**WHAT IS REQUIRED:**
Please repeat the line that has "#102=CIRCLE('',#101,35.0776434703805);" and all lines after it, exactly as they appear, through the end of the entries.
━━━ EXERCISE INPUTS ━━━
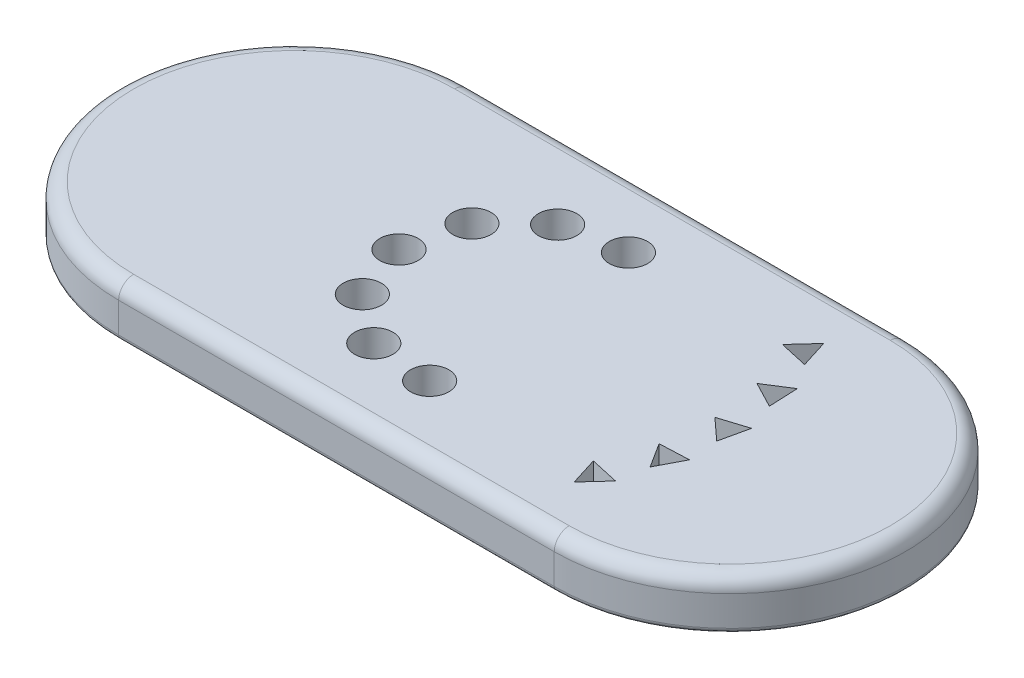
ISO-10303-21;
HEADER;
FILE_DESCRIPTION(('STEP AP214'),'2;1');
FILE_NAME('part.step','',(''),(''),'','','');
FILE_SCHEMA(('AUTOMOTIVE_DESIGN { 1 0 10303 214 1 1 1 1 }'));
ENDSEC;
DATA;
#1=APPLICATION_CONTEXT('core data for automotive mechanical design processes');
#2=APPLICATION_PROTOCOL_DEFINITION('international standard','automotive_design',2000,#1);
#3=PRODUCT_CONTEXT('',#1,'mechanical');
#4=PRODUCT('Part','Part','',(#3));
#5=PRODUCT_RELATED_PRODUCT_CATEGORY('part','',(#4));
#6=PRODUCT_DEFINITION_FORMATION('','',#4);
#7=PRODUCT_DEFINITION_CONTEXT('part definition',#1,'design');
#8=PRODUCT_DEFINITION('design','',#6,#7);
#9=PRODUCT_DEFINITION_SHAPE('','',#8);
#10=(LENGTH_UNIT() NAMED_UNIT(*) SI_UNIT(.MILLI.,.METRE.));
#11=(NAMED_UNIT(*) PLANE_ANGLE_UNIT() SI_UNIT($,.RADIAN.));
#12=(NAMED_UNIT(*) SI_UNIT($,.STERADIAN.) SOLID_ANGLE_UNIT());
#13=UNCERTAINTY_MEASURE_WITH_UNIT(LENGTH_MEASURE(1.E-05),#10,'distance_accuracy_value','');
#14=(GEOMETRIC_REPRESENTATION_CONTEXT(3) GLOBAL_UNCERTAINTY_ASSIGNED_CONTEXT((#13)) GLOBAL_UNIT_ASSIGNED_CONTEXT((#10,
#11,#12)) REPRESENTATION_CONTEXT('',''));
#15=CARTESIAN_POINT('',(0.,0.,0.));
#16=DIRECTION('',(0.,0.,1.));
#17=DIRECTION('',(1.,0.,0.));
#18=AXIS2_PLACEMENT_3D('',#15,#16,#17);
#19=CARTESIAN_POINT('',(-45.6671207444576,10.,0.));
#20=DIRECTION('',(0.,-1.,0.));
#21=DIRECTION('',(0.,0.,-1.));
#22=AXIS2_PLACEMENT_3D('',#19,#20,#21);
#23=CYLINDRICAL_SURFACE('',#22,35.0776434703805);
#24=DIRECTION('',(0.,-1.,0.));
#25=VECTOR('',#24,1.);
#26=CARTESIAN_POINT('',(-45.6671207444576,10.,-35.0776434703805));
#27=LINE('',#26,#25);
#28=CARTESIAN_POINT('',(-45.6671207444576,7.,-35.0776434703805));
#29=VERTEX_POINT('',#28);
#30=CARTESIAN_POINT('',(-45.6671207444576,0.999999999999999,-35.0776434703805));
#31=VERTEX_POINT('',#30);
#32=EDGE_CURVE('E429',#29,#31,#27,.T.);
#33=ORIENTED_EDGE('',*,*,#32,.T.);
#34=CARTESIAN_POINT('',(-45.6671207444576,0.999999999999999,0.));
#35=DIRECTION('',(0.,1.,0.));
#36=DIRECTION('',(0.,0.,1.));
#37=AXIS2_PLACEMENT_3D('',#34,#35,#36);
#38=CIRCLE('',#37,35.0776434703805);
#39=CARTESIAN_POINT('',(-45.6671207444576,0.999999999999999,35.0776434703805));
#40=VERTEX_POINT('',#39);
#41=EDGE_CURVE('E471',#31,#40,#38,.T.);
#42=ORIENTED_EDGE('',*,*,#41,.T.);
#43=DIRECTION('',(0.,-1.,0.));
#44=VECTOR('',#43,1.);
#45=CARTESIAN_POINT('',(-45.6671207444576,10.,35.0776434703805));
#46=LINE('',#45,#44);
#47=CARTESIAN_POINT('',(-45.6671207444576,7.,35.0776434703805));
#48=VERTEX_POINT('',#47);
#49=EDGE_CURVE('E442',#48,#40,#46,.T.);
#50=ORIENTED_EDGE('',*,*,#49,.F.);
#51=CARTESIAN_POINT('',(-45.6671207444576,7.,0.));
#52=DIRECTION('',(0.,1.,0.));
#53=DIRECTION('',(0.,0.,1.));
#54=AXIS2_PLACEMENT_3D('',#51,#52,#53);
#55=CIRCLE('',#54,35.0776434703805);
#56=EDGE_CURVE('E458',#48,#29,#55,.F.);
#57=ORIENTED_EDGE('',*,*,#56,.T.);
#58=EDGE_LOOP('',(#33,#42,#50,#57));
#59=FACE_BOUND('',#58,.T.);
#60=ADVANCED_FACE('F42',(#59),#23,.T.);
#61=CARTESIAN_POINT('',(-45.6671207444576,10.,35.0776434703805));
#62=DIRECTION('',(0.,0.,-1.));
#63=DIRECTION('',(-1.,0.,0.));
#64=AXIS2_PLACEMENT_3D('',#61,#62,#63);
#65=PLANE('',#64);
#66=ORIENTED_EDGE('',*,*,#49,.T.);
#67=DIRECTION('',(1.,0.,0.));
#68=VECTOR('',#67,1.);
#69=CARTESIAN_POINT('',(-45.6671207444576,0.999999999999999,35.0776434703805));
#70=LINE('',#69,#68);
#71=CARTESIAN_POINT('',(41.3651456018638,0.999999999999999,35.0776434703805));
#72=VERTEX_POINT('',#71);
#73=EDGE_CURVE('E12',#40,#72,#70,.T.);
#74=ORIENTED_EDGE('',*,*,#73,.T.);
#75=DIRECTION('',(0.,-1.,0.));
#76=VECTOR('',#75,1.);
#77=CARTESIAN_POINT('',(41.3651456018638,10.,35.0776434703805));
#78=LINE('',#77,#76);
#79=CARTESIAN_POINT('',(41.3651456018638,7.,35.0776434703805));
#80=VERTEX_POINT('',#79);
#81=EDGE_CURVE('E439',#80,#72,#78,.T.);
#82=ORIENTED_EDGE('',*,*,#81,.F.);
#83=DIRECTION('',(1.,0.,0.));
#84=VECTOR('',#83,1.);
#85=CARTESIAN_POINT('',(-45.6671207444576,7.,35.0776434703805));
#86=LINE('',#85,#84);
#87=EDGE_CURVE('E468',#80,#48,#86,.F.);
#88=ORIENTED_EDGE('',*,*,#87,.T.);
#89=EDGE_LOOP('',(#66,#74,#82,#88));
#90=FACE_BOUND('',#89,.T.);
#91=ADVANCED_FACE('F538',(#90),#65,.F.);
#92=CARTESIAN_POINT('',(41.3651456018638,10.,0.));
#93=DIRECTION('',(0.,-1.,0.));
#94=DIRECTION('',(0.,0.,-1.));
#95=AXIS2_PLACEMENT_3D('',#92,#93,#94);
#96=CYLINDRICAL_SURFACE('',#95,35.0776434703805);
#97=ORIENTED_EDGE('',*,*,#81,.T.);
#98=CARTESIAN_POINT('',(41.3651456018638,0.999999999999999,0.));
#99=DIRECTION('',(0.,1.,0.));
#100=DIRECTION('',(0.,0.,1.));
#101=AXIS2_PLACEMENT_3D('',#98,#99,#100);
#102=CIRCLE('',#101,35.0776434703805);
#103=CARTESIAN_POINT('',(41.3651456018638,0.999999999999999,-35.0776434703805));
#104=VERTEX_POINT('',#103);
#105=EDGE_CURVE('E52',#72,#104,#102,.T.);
━━━
**TASK ANSWER:**
#102=CIRCLE('',#101,35.0776434703805);
#103=CARTESIAN_POINT('',(41.3651456018638,0.999999999999999,-35.0776434703805));
#104=VERTEX_POINT('',#103);
#105=EDGE_CURVE('E52',#72,#104,#102,.T.);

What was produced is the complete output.